__The task__
Please copy out each line of the entries in which "lineweight" appears.
>>>
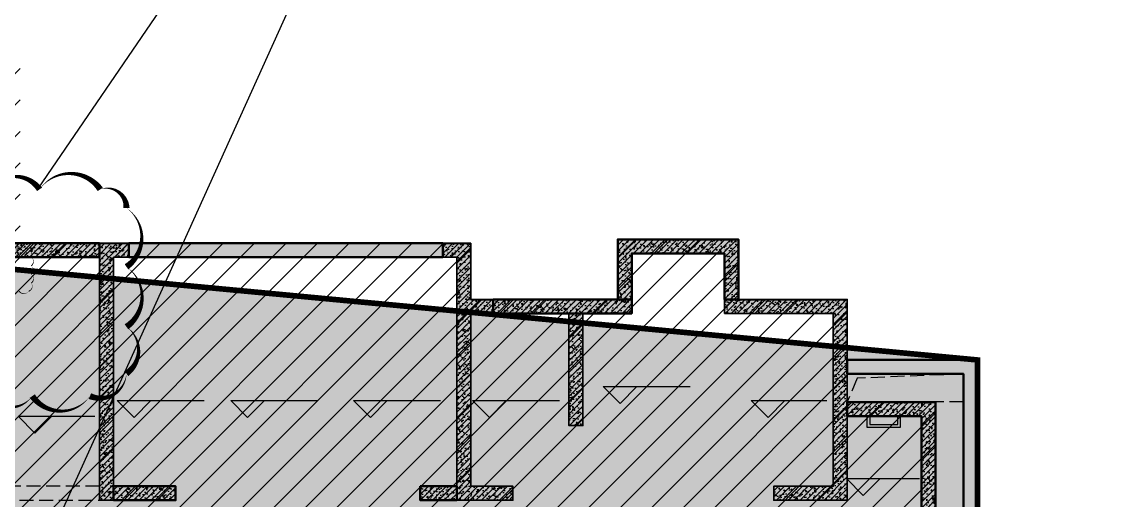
# Model space of a CAD drawing. Extents: x -1338203 to 1886333, y -530034 to 1031844.
# Drawn here: x 627377 to 646806, y 134503 to 143031 of the extents above; entities that cross this region are included whole.
import ezdxf

# ---------------------------------------------------------------- set-up
doc = ezdxf.new("R2010")
doc.units = 0
doc.header["$LTSCALE"] = 1000
doc.header["$MEASUREMENT"] = 0
doc.linetypes.add('A-18-平面B1$0$DASH', pattern=[0.35, 0.25, -0.1])
doc.linetypes.add('DASH', pattern=[0.35, 0.25, -0.1])
for name, color, linetype in [('$0$0A-O-HOLE', 52, 'Continuous'), ('0A-P-PKNG-LINE', 9, 'Continuous'), ('A-18-平面B1$0$0A-A-SYMB-DOOR', 135, 'Continuous'), ('A-18-平面B1$0$0A-A-SYMB-ELEV', 150, 'Continuous'), ('A-18-平面B1$0$0A-E-STRS-RAIL', 163, 'Continuous'), ('S18柱墙B1_1$0$0S-CW-HATCH', 251, 'Continuous'), ('S18柱墙B1_1$0$0S-CW-HATCH-UP', 251, 'Continuous')]:
    doc.layers.add(name, color=color, linetype=linetype)
doc.layers.add('A-18-平面B1$0$AAD-A-MODIFY_20230109', color=201, linetype='Continuous', plot=False)
doc.layers.add('A-18-平面B1$0$AAD-A-MODIFY_20230111', color=201, linetype='Continuous', plot=False)
doc.layers.add('p-h-walkable', color=7, linetype='Continuous', lineweight=70, true_color=0xf0f0f0)
doc.layers.add('S18柱墙B1_1$0$0S-CW-LINE', color=7, linetype='Continuous', lineweight=50)
pattern_1 = [(45, (-2718471.4, -136432.66), (-53.0330086, 53.0330086), []), (50, (-2718471.4, -136432.66), (215.178055, -18.8256405), [22.5, -247.5]), (355, (-2718471.4, -136432.66), (-41.6254, 225.65764), [18, -198]), (100.4514, (-2718453.47, -136434.23), (173.552815, 206.831863), [19.122057, -210.342634]), (46.1842, (-2718471.4, -136372.66), (320.172315, -49.655704), [33.75, -371.25]), (96.6356, (-2718444.72, -136376.8), (280.398812, 292.23536), [28.683086, -315.5139]), (351.1842, (-2718471.4, -136372.66), (280.398584, 292.23558), [27, -297]), (21, (-2718441.4, -136387.66), (179.072116, -120.785667), [22.5, -247.5]), (326, (-2718441.4, -136387.66), (72.9946, 217.545014), [18, -198]), (71.4514, (-2718426.48, -136397.73), (252.066789, 96.759149), [19.122057, -210.342634]), (37.5, (-2718471.4, -136432.66), (3.6479566, 99.8681561), [0, -195.6, 0, -201, 0, -198.75]), (7.5, (-2718471.4, -136432.66), (78.9208612, 118.3235136), [0, -114.6, 0, -191.1, 0, -75.75]), (327.5, (-2718538.3, -136432.66), (160.1467309, -6.7664615), [0, -75, 0, -234, 0, -310.5]), (317.5, (-2718568.3, -136432.66), (174.955851, 30.0314947), [0, -97.5, 0, -155.4, 0, -220.5])]
pattern_2 = [(45, (88085.58, -248529.205), (-53.033009, 53.033009), []), (50, (88085.58, -248529.2), (215.178055, -18.82564), [22.5, -247.5]), (355, (88085.58, -248529.2), (-41.6254, 225.65764), [18, -198]), (100.4514, (88103.52, -248530.77), (173.552815, 206.83186), [19.12206, -210.342634]), (46.1842, (88085.58, -248469.2), (320.17231, -49.6557), [33.75, -371.25]), (96.6356, (88112.26, -248473.34), (280.39881, 292.23536), [28.68309, -315.5139]), (351.1842, (88085.6, -248469.2), (280.39858, 292.23558), [27, -297]), (21, (88115.58, -248484.2), (179.072116, -120.785667), [22.5, -247.5]), (326, (88115.58, -248484.2), (72.9946, 217.54501), [18, -198]), (71.4514, (88130.5, -248494.27), (252.06679, 96.75915), [19.12206, -210.342634]), (37.5, (88085.58, -248529.205), (3.647957, 99.868156), [0, -195.6, 0, -201, 0, -198.75]), (7.5, (88085.58, -248529.2), (78.920861, 118.323514), [0, -114.6, 0, -191.1, 0, -75.75]), (327.5, (88018.68, -248529.205), (160.146731, -6.7664615), [0, -75, 0, -234, 0, -310.5]), (317.5, (87988.68, -248529.2), (174.95585, 30.031495), [0, -97.5, 0, -155.4, 0, -220.5])]

# ---------------------------------------------------------------- blocks, each defined once
blk = doc.blocks.new('A$C2C814229')
at = {"layer": '$0$0A-O-HOLE', "linetype": 'DASH'}
blk.add_lwpolyline([(-122209, -170134), (-122209, -170634), (-124279, -170634), (-124279, -170134)], close=True, dxfattribs=at)
blk.add_lwpolyline([(-122209, -170134), (-124104, -170212), (-124279, -170634)], dxfattribs=at)
blk = doc.blocks.new('A-18-平面B1')
at = {"layer": 'A-18-平面B1$0$0A-A-SYMB-DOOR', "linetype": 'A-18-平面B1$0$DASH'}
blk.add_lwpolyline([(1200, -90), (2975, -90), (2975, 160), (1200, 160)], close=True, dxfattribs=at)
at = {"layer": 'A-18-平面B1$0$0A-A-SYMB-ELEV'}
for p, q in [((12251, 1634), (11951, 1934)), ((11951, 1934), (13500, 1934)), ((12251, 1634), (12551, 1934)), ((3590, 1386), (3290, 1686)), ((3290, 1686), (4839, 1686)), ((3590, 1386), (3890, 1686)), ((5612, 1386), (5312, 1686)), ((5312, 1686), (6862, 1686)), ((5612, 1386), (5912, 1686)), ((7803, 1386), (7503, 1686)), ((7503, 1686), (9052, 1686)), ((7803, 1386), (8103, 1686)), ((9922, 1386), (9622, 1686)), ((9622, 1686), (11171, 1686)), ((9922, 1386), (10222, 1686)), ((14887, 1386), (14587, 1686)), ((14587, 1686), (15935, 1686)), ((14887, 1386), (15187, 1686)), ((1823, 1105), (1523, 1405)), ((1523, 1405), (2890, 1405)), ((1823, 1105), (2123, 1405)), ((16585, -6), (16285, 294)), ((16285, 294), (17587, 294)), ((16585, -6), (16885, 294))]:
    blk.add_line(p, q, dxfattribs=at)
at = {"layer": 'A-18-平面B1$0$0A-E-STRS-RAIL', "flags": 128}
for points in [[(16650, 1410), (16650, 1210), (17250, 1210), (17250, 1410)], [(16700, 1410), (16700, 1260), (17200, 1260), (17200, 1410)]]:
    blk.add_lwpolyline(points, dxfattribs=at)
at = {"layer": 'A-18-平面B1$0$AAD-A-MODIFY_20230109', "color": 6}
for p, q in [((758, -3715), (10687, 18269)), ((1889, 5475), (10637, 18281))]:
    blk.add_line(p, q, dxfattribs=at)
at = {"layer": 'A-18-平面B1$0$AAD-A-MODIFY_20230109', "color": 6, "flags": 128}
blk.add_lwpolyline([(-2226, 5452, 0, 111, -0.520567), (-1481, 5452, 0, 111, -0.520567), (-724, 5452, 0, 111, -0.520567), (108, 5452, 0, 111, -0.520567), (1030, 5452, 0, 111, -0.520567), (1907, 5452, 0, 111, -0.520567), (2988, 5452, 0, 111, -0.520567), (3455, 5119, 0, 111, -0.520567), (3455, 4070, 0, 111, -0.520567), (3455, 3001, 0, 111, -0.520567), (3455, 2168, 0, 111, -0.520567), (2804, 1766, 0, 111, -0.520567), (1776, 1766, 0, 111, -0.520567), (1015, 1766, 0, 111, -0.520567), (-43, 1766, 0, 111, -0.520567), (-940, 1766, 0, 111, -0.520567), (-1909, 1766, 0, 111, -0.520567), (-2226, 2349, 0, 111, -0.520567), (-2226, 3147, 0, 111, -0.520567), (-2226, 4226, 0, 111, -0.520567), (-2226, 4996, 0, 111, -0.520567)], format="xyseb", close=True, dxfattribs=at)
at = {"layer": 'A-18-平面B1$0$AAD-A-MODIFY_20230111', "color": 4, "flags": 128}
blk.add_lwpolyline([(1096, 4372, 0, 19.8, -0.520567), (1230, 4372, 0, 19.8, -0.520567), (1421, 4372, 0, 19.8, -0.520567), (1555, 4372, 0, 19.8, -0.520567), (1704, 4372, 0, 19.8, -0.520567), (1757, 4245, 0, 19.8, -0.520567), (1757, 4089, 0, 19.8, -0.520567), (1757, 3938, 0, 19.8, -0.520567), (1757, 3780, 0, 19.8, -0.520567), (1714, 3637, 0, 19.8, -0.520567), (1540, 3637, 0, 19.8, -0.520567), (1350, 3637, 0, 19.8, -0.520567), (1172, 3637, 0, 19.8, -0.520567), (1096, 3753, 0, 19.8, -0.520567), (1096, 3887, 0, 19.8, -0.520567), (1096, 4050, 0, 19.8, -0.520567), (1096, 4232, 0, 19.8, -0.520567)], format="xyseb", close=True, dxfattribs=at)

msp = doc.modelspace()

# ---------------------------------------------------------------- hatches: boundary and pattern name
at = {"ltscale": 0.002}
h = msp.add_hatch(dxfattribs=at)
h.set_pattern_fill('ANSI31', color=8, scale=250)
h.set_pattern_definition([(45, (321371.16, 273451.7), (-280.633, 280.633), [])])
h.paths.add_polyline_path([(627346.6, 139076.4), (635376.6, 139076.4), (635376.6, 138076.4), (637996.6, 138076.4), (637996.6, 139146.4), (640146.6, 139146.4), (640146.6, 138076.4), (642086.6, 138076.4), (642086.6, 136246.4), (643656.6, 136246.4), (643656.6, 132996.4), (638576.6, 132996.4), (638576.6, 132296.4), (638576.6, 129296.4), (637621.6, 129296.4), (637621.6, 128696.4), (637371.6, 128696.4), (637371.6, 129296.4), (635546.6, 129296.4), (635546.6, 128696.4), (635126.6, 128696.4), (635126.6, 129296.4), (616446.6, 129296.4), (616446.6, 128696.4), (616026.6, 128696.4), (616026.6, 129296.4), (614201.6, 129296.4), (614201.6, 128696.4), (613951.6, 128696.4), (613951.6, 129296.4), (612621.6, 129296.4), (612621.6, 128696.4), (612371.6, 128696.4), (612371.6, 129296.4), (609486.6, 129296.4), (609486.6, 139146.4), (612136.6, 139146.4), (612136.6, 138076.4), (616196.6, 138076.4), (616196.6, 139076.4), (624226.6, 139076.4), (624226.6, 142646.4), (627346.6, 142646.4)])
at = {"layer": 'p-h-walkable', "ltscale": 0.002}
h = msp.add_hatch(color=256, dxfattribs=at)
h.dxf.hatch_style = 1
h.paths.add_polyline_path([(633826.6, 244460.7), (640276.6, 244575.6), (640576.6, 234544.8), (645576.7, 234544.6), (645576.7, 209278.9), (732355.9, 209029), (732355.1, 235229.9), (738506.7, 235229.9), (738506.6, 268838.9), (732734.3, 268838.9), (732734.3, 272898.9), (711963.1, 272898.9), (711963.1, 278984.7), (717256.7, 278984.7), (717256.7, 284049), (733571.6, 284135.6), (733996.6, 290449.1), (739216.6, 290449.1), (739766.6, 284299.1), (754626.6, 284299.1), (755296.6, 290449.1), (760516.6, 290449.1), (760816.6, 283049.1), (760816.3, 275879.2), (775122.6, 275879.2), (776006.6, 274138.9), (776006.6, 259429.1), (778716.6, 259429.1), (778716.6, 238849.1), (783416.6, 238849.1), (783416.6, 237229.1), (782066.6, 237229.1), (782066.6, 234429.1), (779546.6, 234429.1), (779546.6, 237129.1), (773916.6, 237129.1), (773916.6, 243229.1), (764306.6, 243225.6), (764306.6, 236639.1), (760766.6, 236639.1), (760766.6, 234429.1), (758246.6, 234429.1), (758246.6, 238649.1), (762116.6, 238649.1), (762116.6, 243225.6), (748656.6, 243225.6), (748756.3, 207529.1), (800106.6, 207528.9), (800206.7, 201639.7), (812908.2, 202239.1), (812576.6, 180449.3), (744206, 180449.3), (744206, 173439), (728556.7, 173439), (728556.6, 122289.1), (746356.6, 122289.1), (750916.6, 132325.6), (842896.6, 132325.6), (843211.6, 121345.6), (839116.6, 121345.6), (839116.6, 93449.1), (864906.6, 93449.1), (864906.6, 79694), (875856.6, 74929.1), (875856.6, 65749.1), (834560.6, 65749.1), (839142.9, 28436.3), (869465.5, 32160.2), (871163.4, 18334), (873704.3, 18646.1), (877328.9, 5540.2), (761876.2, -8638.5), (761133.2, 2082.3), (764950.9, 5291.5), (763253.1, 19116.3), (799242.7, 23536.1), (793807.6, 65749.1), (750756.6, 65749.1), (751556.6, 81645.6), (636016.6, 81645.6), (636016.6, 96345.6), (629416.6, 96345.6), (629416.6, 118203.2), (622306.6, 118203.2), (622286.6, 139083.2), (644406.6, 137003.2), (644406.6, 129968.2), (656656.6, 129968.2), (656406.6, 138083.2), (712156.6, 138083.2), (711856.6, 184449.1), (581811.6, 184349.1), (581826.6, 197199.1), (585876.6, 197449.1), (585976.6, 209279), (629226.6, 209578.9), (628926.8, 236145.4), (633826.6, 236145.6)])
at = {"layer": 'S18柱墙B1_1$0$0S-CW-HATCH'}
h = msp.add_hatch(color=256, dxfattribs=at)
h.dxf.hatch_style = 1
h.paths.add_polyline_path([(640146.6, 138083.2), (640146.6, 139153.2), (637996.6, 139153.2), (637996.6, 138083.2), (638246.6, 138083.2), (638246.6, 138903.2), (639896.6, 138903.2), (639896.6, 138083.2)])
h = msp.add_hatch(color=256, dxfattribs=at)
h.dxf.hatch_style = 1
h.paths.add_polyline_path([(628761.6, 139083.2), (627096.6, 139083.2), (627096.6, 138833.2), (628761.6, 138833.2)])
h = msp.add_hatch(color=256, dxfattribs=at)
h.dxf.hatch_style = 1
h.paths.add_polyline_path([(629011.6, 134503.2), (629011.6, 138833.2), (629286.6, 138833.2), (629286.6, 139083.2), (628761.6, 139083.2), (628761.6, 134503.2)])
h = msp.add_hatch(color=256, dxfattribs=at)
h.dxf.hatch_style = 1
h.paths.add_polyline_path([(634876.6, 139083.2), (629286.6, 139083.2), (629286.6, 138833.2), (634876.6, 138833.2)])
h = msp.add_hatch(color=256, dxfattribs=at)
h.dxf.hatch_style = 1
h.paths.add_polyline_path([(634876.6, 138833.2), (635126.6, 138833.2), (635126.6, 137993.2), (635126.6, 134503.2), (636126.6, 134503.2), (636126.6, 134753.2), (635377, 134753.2), (635376.6, 137833.2), (635776.6, 137833.2), (635776.6, 138083.2), (635376.6, 138083.2), (635376.6, 139083.2), (634876.6, 139083.2)])
h = msp.add_hatch(color=256, dxfattribs=at)
h.dxf.hatch_style = 1
h.paths.add_polyline_path([(638246.6, 138083.2), (635776.6, 138083.2), (635776.6, 137833.2), (638246.6, 137833.2)])
h = msp.add_hatch(color=256, dxfattribs=at)
h.dxf.hatch_style = 1
h.paths.add_polyline_path([(639896.6, 137833.2), (641836.6, 137833.2), (641836.6, 134753.2), (640776.6, 134753.2), (640776.6, 134503.2), (642086.6, 134503.2), (642086.6, 138083.2), (639896.6, 138083.2)])
h = msp.add_hatch(color=256, dxfattribs=at)
h.dxf.hatch_style = 1
h.paths.add_polyline_path([(637126.6, 137833.2), (637376.6, 137833.2), (637376.6, 135833.2), (637126.6, 135833.2)])
h = msp.add_hatch(color=256, dxfattribs=at)
h.dxf.hatch_style = 1
h.paths.add_polyline_path([(642936.6, 132253.2), (642936.6, 132503.2), (644156.6, 132503.2), (644156.6, 136753.2), (642086.6, 136753.2), (642086.6, 137003.2), (644406.6, 137003.2), (644406.6, 132253.2), (642936.6, 132253.2)])
h = msp.add_hatch(color=256, dxfattribs=at)
h.dxf.hatch_style = 1
h.paths.add_polyline_path([(642086.6, 136003.2), (643406.6, 136003.2), (643406.6, 133253.2), (641836.6, 133253.2), (641836.6, 133003.2), (643656.6, 133003.2), (643656.6, 136253.2), (642086.6, 136253.2)])
h = msp.add_hatch(color=256, dxfattribs=at)
h.dxf.hatch_style = 1
h.paths.add_polyline_path([(629011.6, 134753.2), (630116.6, 134753.2), (630116.6, 134503.2), (629011.6, 134503.2)])
h = msp.add_hatch(color=256, dxfattribs=at)
h.dxf.hatch_style = 1
h.paths.add_polyline_path([(634476.6, 134753.2), (635126.6, 134753.2), (635126.6, 134503.2), (634476.6, 134503.2)])
at = {"layer": 'S18柱墙B1_1$0$0S-CW-HATCH-UP'}
h = msp.add_hatch(dxfattribs=at)
h.set_pattern_fill('钢筋混凝土', color=256, scale=30)
h.set_pattern_definition([(45, (-2719551.4, -136432.66), (-53.0330086, 53.0330086), []), (50, (-2719551.4, -136432.66), (215.178055, -18.8256405), [22.5, -247.5]), (355, (-2719551.4, -136432.66), (-41.6254, 225.65764), [18, -198]), (100.4514, (-2719533.47, -136434.23), (173.552815, 206.831863), [19.122057, -210.342634]), (46.1842, (-2719551.4, -136372.66), (320.172315, -49.655704), [33.75, -371.25]), (96.6356, (-2719524.72, -136376.8), (280.398812, 292.23536), [28.683086, -315.5139]), (351.1842, (-2719551.4, -136372.66), (280.398584, 292.23558), [27, -297]), (21, (-2719521.4, -136387.66), (179.072116, -120.785667), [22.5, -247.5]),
<<<
__Reply__
doc.layers.add('p-h-walkable', color=7, linetype='Continuous', lineweight=70, true_color=0xf0f0f0)
doc.layers.add('S18柱墙B1_1$0$0S-CW-LINE', color=7, linetype='Continuous', lineweight=50)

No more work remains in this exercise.